搖光似乎感覺到了他身上的殺氣和戾氣,馬蹄不安地敲擊著地面,忽然,它人立而起,長嘶一聲,電一般向黃河衝去。
咄苾一驚,伸手去拉時,只感覺到一片冰川般的冰冷滑膩從手中溜過。
沒有人可以追上搖光。
自朵爾丹娜死了以後,絕沒有!
搖光在離地三尺的地方,盡力一躍,在空中劃出一道完美的弧線,長尾和鬃毛在瞬間定格。而後,重重踏在如沸的波濤上,白影一閃,濺起一大片水花。
暴雨和炸雷淹沒了馬踏黃河的聲音,轉眼間,一切歸於平靜,只有下瘋了雨,在肆虐,在施暴。
咄苾幾步跑到岸邊,隱約還能看見一抹雪色在渾濁的河水中上下。
忽地,又是一股洪峰,一塊碩大的岩石延著波峰砸下,那黃的發黑的河水裡,渲染開一抹血紅。

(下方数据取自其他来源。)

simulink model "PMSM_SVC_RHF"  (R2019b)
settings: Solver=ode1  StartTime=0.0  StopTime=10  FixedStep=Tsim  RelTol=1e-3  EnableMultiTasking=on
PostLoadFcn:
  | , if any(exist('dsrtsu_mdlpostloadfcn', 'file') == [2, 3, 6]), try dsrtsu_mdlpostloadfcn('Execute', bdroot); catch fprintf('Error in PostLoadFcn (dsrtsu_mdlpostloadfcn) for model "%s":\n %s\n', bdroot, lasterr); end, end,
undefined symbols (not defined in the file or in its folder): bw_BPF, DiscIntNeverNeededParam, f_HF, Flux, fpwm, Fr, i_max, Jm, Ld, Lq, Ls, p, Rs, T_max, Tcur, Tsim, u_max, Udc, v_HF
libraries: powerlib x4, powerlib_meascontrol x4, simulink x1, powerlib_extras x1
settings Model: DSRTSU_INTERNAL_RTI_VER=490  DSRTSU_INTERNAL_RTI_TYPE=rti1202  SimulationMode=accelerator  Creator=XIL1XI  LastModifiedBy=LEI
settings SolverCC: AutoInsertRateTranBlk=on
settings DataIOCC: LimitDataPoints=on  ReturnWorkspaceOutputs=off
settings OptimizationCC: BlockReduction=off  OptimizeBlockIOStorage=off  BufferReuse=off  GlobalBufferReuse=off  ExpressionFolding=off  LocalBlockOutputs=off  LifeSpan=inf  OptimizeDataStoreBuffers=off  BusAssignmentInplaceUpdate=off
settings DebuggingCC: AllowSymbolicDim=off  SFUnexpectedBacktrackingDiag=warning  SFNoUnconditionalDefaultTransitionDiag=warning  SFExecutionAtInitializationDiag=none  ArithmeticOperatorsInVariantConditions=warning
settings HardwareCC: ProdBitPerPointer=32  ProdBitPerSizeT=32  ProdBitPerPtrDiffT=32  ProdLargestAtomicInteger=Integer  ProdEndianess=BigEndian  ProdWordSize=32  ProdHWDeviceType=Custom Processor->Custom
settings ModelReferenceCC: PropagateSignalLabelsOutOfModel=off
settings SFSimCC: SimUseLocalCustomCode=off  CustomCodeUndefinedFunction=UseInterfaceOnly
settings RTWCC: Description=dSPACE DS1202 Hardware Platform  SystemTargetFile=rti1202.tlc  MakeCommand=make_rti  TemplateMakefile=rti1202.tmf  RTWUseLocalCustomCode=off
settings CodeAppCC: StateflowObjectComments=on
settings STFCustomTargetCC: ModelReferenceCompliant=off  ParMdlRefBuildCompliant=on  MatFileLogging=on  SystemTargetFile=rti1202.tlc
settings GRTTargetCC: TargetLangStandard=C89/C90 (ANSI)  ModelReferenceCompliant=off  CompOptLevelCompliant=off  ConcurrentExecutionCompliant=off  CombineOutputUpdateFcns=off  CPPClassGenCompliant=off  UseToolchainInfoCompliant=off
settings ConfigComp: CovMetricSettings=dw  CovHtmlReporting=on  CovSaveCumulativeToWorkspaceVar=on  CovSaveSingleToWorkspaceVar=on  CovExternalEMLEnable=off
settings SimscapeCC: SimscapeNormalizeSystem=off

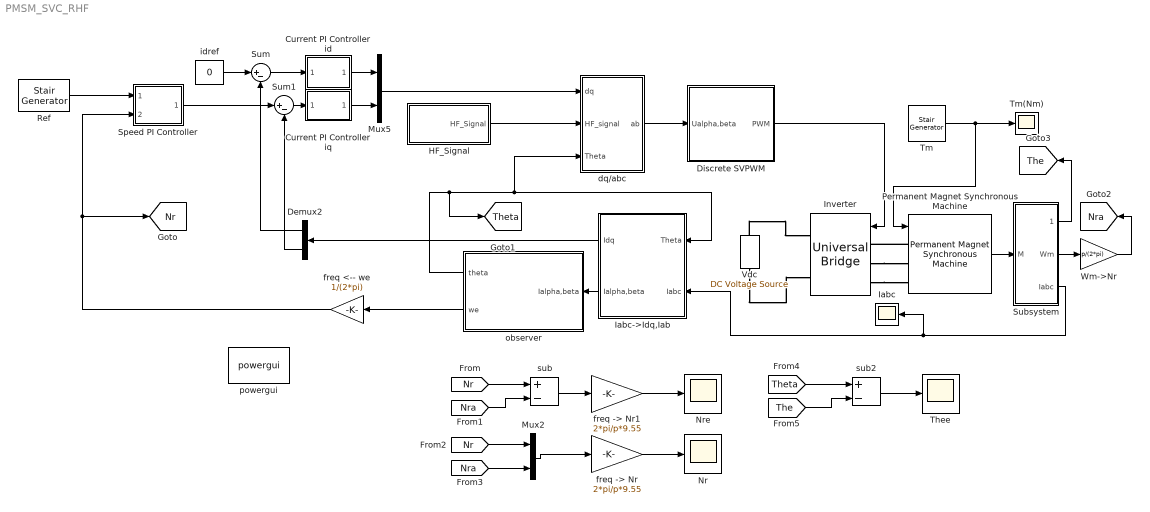
== system PMSM_SVC_RHF ==
  " Current PI Controller iq" : Subsystem  mask(Current PI Controller){Rs=Rs, Ls=Ld, fpwm=fpwm, Par_Limits=[u_max -u_max], T=Tcur, kp_gain=1, ti_gain=1}
      mask prompts: Rs "Stator resistance Rs (ohm):"; Ls "Stator inductance Ls (H):"; fpwm "PWM frequency fpwm (Hz):"; Par_Limits "Output limits Par_Limits (V): [ Upper   Lower ]"; T "Sample time T (s):"
      mask help:
      | Kp, Ti can be calculated automatically:
      |
      |     kp = Ls/2*fpwm;
      |     ti = Ls/Rs;
      |     ki = kp/ti;
      |
      | Kp_Gain, Ki_Gain are used to adjust the calculated kp and ki. Controller limit is the integrator saturation limit and the output limit.
      mask Display: disp('PI');
  Current PI Controller id : Subsystem  mask(Current PI Controller){Rs=Rs, Ls=Ld, fpwm=fpwm, Par_Limits=[u_max -u_max], T=Tcur, kp_gain=1, ti_gain=1}
      mask prompts: Rs "Stator resistance Rs (ohm):"; Ls "Stator inductance Ls (H):"; fpwm "PWM frequency fpwm (Hz):"; Par_Limits "Output limits Par_Limits (V): [ Upper   Lower ]"; T "Sample time T (s):"
      mask help:
      | Kp, Ti can be calculated automatically:
      |
      |     kp = Ls/2*fpwm;
      |     ti = Ls/Rs;
      |     ki = kp/ti;
      |
      | Kp_Gain, Ki_Gain are used to adjust the calculated kp and ki. Controller limit is the integrator saturation limit and the output limit.
      mask Display: disp('PI');
  Demux2 : Demux  Outputs=2
  Discrete SVPWM : Subsystem  mask(Seven - sects SVPWM generator){td=0, fpwm=fpwm, T=Tsim}
      mask prompts: td "Dead Time td (s):"; fpwm "PWM frequency fpwm (Hz):"; T "Sample time T (s):"
      mask help: This block implements a space vector PWM.
  HF_Signal : Subsystem
  Iabc : Scope
  Iabc->Idq,Iab : Subsystem  mask(Transformation abc to ab and dq){T=Tcur}
      mask prompts: T "Sample time T (s):"
  Inverter : powerlib/Power Electronics/Universal Bridge  Arms=3  SnubberResistance=1e5  SnubberCapacitance=inf  Device=IGBT / Diodes  Ron=1e-3  Lon=0  ForwardVoltages=[0,0]  ForwardVoltage=0  GTOparameters=[ 10e-6 , 20e-6 ]  IGBTparameters=[0,0]  Measurements=None  Measurements_2=None  converterType=Rectifier
      settings: SourceProductName=Simscape Electrical
  Mux2 : Mux  Inputs=2
  Mux5 : Mux  Inputs=2
  Nr : Scope
  Nre : Scope
  Permanent Magnet Synchronous Machine : powerlib/Machines/Permanent Magnet Synchronous Machine  NbPhases=3  FluxDistribution=Sinusoidal  RotorType=Salient-pole  MechanicalLoad=Torque Tm  PresetModel=No  ShowDetailedParameters=on  MeasurementBus=off  Resistance=Rs  Inductance=8.5e-3  dqInductances=[Ld,Lq]  La=Ls  MachineConstant=Flux linkage established by magnets (V.s)  Flux=Flux  VoltageCst=161.7909  TorqueCst=1.338  Flat=120  Mechanical=[Jm Fr p 0]  PolePairs=4  InitialConditions=[0,0, 0,0]  InitialConditions5ph=[0 0 0 0 0 0]  RefAngle=Aligned with phase A axis (original Park)  IterativeDiscreteModel=Trapezoidal non iterative  TsBlock=-1  TsPowergui=0
  Ref : powerlib_meascontrol/Pulse & Signal Generators/Stair Generator  t="[0  2  6 ]"  e=[0 10 20]  Ts=Tcur
      settings: SourceProductName=Simscape Electrical
  Speed PI Controller : Subsystem  mask(Speed PI Controller){kp=2.5, ti=2.5/10, Par_Limits=[T_max -T_max], T=Tcur}
      mask prompts: kp "proportional gain"; ti "integral time"; Par_Limits "Output limits: [ Upper   Lower ]"; T "Sample time T (s):"
      mask help:
      | Kp, Ti can be calculated automatically:
      |
      |     kp = Jm*(h+1)/(2*h*2*fpwm*kt)*kp_gain;
      |     ki = Jm*(h+1)/(2*h*2*fpwm*kt)/(2*1/fpwm)*ti_gain;
      |     ti = kp/ki;
      |
      |
      | Kp_Gain, Ki_Gain are used to adjust the calculated kp and ki. Controller limit is the integrator saturation limit and the output limit.
      mask init:
      | UpperLimit=Par_Limits(1);
      | LowerLimit=Par_Limits(2);
      | 
      | ki = kp/ti;
      mask Display: disp('PI')
  Subsystem : Subsystem
  Sum : Sum  Inputs=|+-
  Sum1 : Sum  Inputs=|+-
  Thee : Scope
  Tm : powerlib_meascontrol/Pulse & Signal Generators/Stair Generator  t="[0  4 ]"  e=[0 3 ]  Ts=0
      settings: SourceProductName=Simscape Electrical
  Tm(Nm) : Scope
  Vdc : powerlib/Electrical Sources/DC Voltage Source  Amplitude=Udc  Measurements=None
      settings: SourceProductName=Simscape Electrical
  Wm->Nr : Gain  Gain=p/(2*pi)
  dq/abc : Subsystem
  "freq -> Nr" : Gain  Gain=2*pi/p*9.55
  "freq -> Nr1" : Gain  Gain=2*pi/p*9.55
  freq <-- we : Gain  Gain=1/(2*pi)
  idref : Constant  Value=0
  observer : Subsystem
  powergui : powerlib/powergui  Priority=1  SimulationMode=Discrete  SampleTime=Tsim  frequency=60  Iterations=50  frequencyindice=0  Pbase=100e6  ErrMax=1e-4  UnitsV=kV  UnitsW=MW  buscounter=0  FunctionMessages=off  echomessages=off  EnableUseOfTLC=off  CurrentSourceSwitches=off  DisableSnubberDevices=off  DisableRonSwitches=off  DisableVfSwitches=off  DisplayEquations=off  AutomaticDiscreteSolvers=off  SolverType=Tustin/Backward Euler (TBE)  Interpol=off  ExternalGateDelay=off  methode=off  Ts=10  x0status=blocks  SPID=off  SwTol=0  HookPort=off  NonlinearTolerance=1e-4  nMaxIteration=100  ContinueOnMaxIteration=off  RestoreLinks=warning  ResistiveCurrentMeasurement=off  Frange=[0:2:500]  Ylog=off  Xlog=on  ShowGrid=off  save=off  variable=ZData  structure=0  ZoomFFT=off  StartTime=0.0  cycles=1  DisplayStyle=1  fundamental=60  FreqAxis=off  MaxFrequency=1000  frequencyindicesteady=1  RmsSteady=1  display=off
      settings: SourceProductName=Simscape Electrical
  sub : Sum  Inputs=+-
  sub2 : Sum  Inputs=+-
  tag scope: Nr=global, Nra=global, The=global, Theta=global
  wires:
  Current PI Controller id/1(U_Ref) -> Mux5/1
  " Current PI Controller iq"/1(U_Ref) -> Mux5/2
  observer/2(we) -> freq <-- we/1
  Mux2/1 -> "freq -> Nr"/1
  Mux5/1 -> dq/abc/1(dq)
  dq/abc/1(ab) -> Discrete SVPWM/1(Ualpha,beta)
  Iabc->Idq,Iab/1(Idq) -> Demux2/1
  Iabc->Idq,Iab/2(Ialpha,beta) -> observer/1(Ialpha,beta)
  Tm/1 -> Permanent Magnet Synchronous Machine/1, Tm(Nm)/1
  sub/1 -> "freq -> Nr1"/1
  Ref/1 -> Speed PI Controller/1(f_ref)
  Permanent Magnet Synchronous Machine/1 -> Subsystem/1(M)
  HF_Signal/1(HF_Signal) -> dq/abc/2(HF_signal)
  Discrete SVPWM/1(PWM) -> Inverter/1
  Subsystem/3(Iabc) -> Iabc/1, Iabc->Idq,Iab/2(Iabc)
  "freq -> Nr"/1 -> Nr/1
  "freq -> Nr1"/1 -> Nre/1
  Demux2/1 -> Sum/2
  Subsystem/2(Wm) -> Wm->Nr/1
  observer/1(theta) -> [Theta], Iabc->Idq,Iab/1(Theta), dq/abc/3(Theta)
  freq <-- we/1 -> [Nr], Speed PI Controller/2(f_fed)
  [Nr] -> sub/1
  Wm->Nr/1 -> [Nra]
  [Nra] -> sub/2
  [Nr] -> Mux2/1
  [Nra] -> Mux2/2
  Subsystem/1(Them) -> [The]
  [Theta] -> sub2/1
  [The] -> sub2/2
  sub2/1 -> Thee/1
  Sum/1 -> Current PI Controller id/1(I_Ref)
  Sum1/1 -> " Current PI Controller iq"/1(I_Ref)
  Speed PI Controller/1(Te_Ref) -> Sum1/1
  Demux2/2 -> Sum1/2
  idref/1 -> Sum/1
  connections:
  Inverter/LConn2 -- Permanent Magnet Synchronous Machine/LConn2
  Permanent Magnet Synchronous Machine/LConn1 -- Inverter/LConn1
  Inverter/LConn3 -- Permanent Magnet Synchronous Machine/LConn3
  Vdc/RConn1 -- Inverter/RConn1
  Vdc/LConn1 -- Inverter/RConn2

== system PMSM_SVC_RHF/ Current PI Controller iq ==
  I_Ref : Inport
  Discrete-Time Integrator1 : DiscreteIntegrator  IntegratorMethod=Integration: Trapezoidal  SampleTime=T  LimitOutput=on  UpperSaturationLimit=Par_Limits(1)  LowerSaturationLimit=Par_Limits(2)  ICPrevOutput=DiscIntNeverNeededParam  ICPrevScaledInput=DiscIntNeverNeededParam
  Output limit : Saturate  UpperLimit=Par_Limits(1)  LowerLimit=Par_Limits(2)
  Sum1 : Sum  Inputs=|++
  ki : Gain  Gain=(Ls/2*fpwm)/(Ls/Rs)*kp_gain/ti_gain
  kp : Gain  Gain=(Ls/2*fpwm)*kp_gain
  U_Ref : Outport  VectorParamsAs1DForOutWhenUnconnected=off
  wires:
  kp/1 -> Sum1/1
  I_Ref/1 -> ki/1, kp/1
  Sum1/1 -> Output limit/1
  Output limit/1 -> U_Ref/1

血色起初紅的象落日的餘暉,很快就淡了,淡的象少女面上的一抹胭脂,只能隱約看見一些淡紅。
咄苾順著河岸奔跑,看著白馬仍然有一下沒一下的掙扎,眼見已經不行了。
「我送你,搖光!」咄苾大喊一聲,手中的寒闃槍化作一道白虹,向河裡的白影飛了過去,轉眼間,銀搶和白馬都消失了。
咄苾頹然跪在黃河邊,忽然也有了一種跳下去的衝動,跳下去,順著黃河流向大海,再也沒有揪心的折磨,就可以永遠永遠和他的朵爾丹娜在一起……
而他沒有,一片片水花打在他臉上,和雨水混在一起。黃河的水是苦的,象淚水一樣,苦極了。
暴雨終於停了,只看見一個人拖著沉重的步子,一步步向遼闊的北方走去。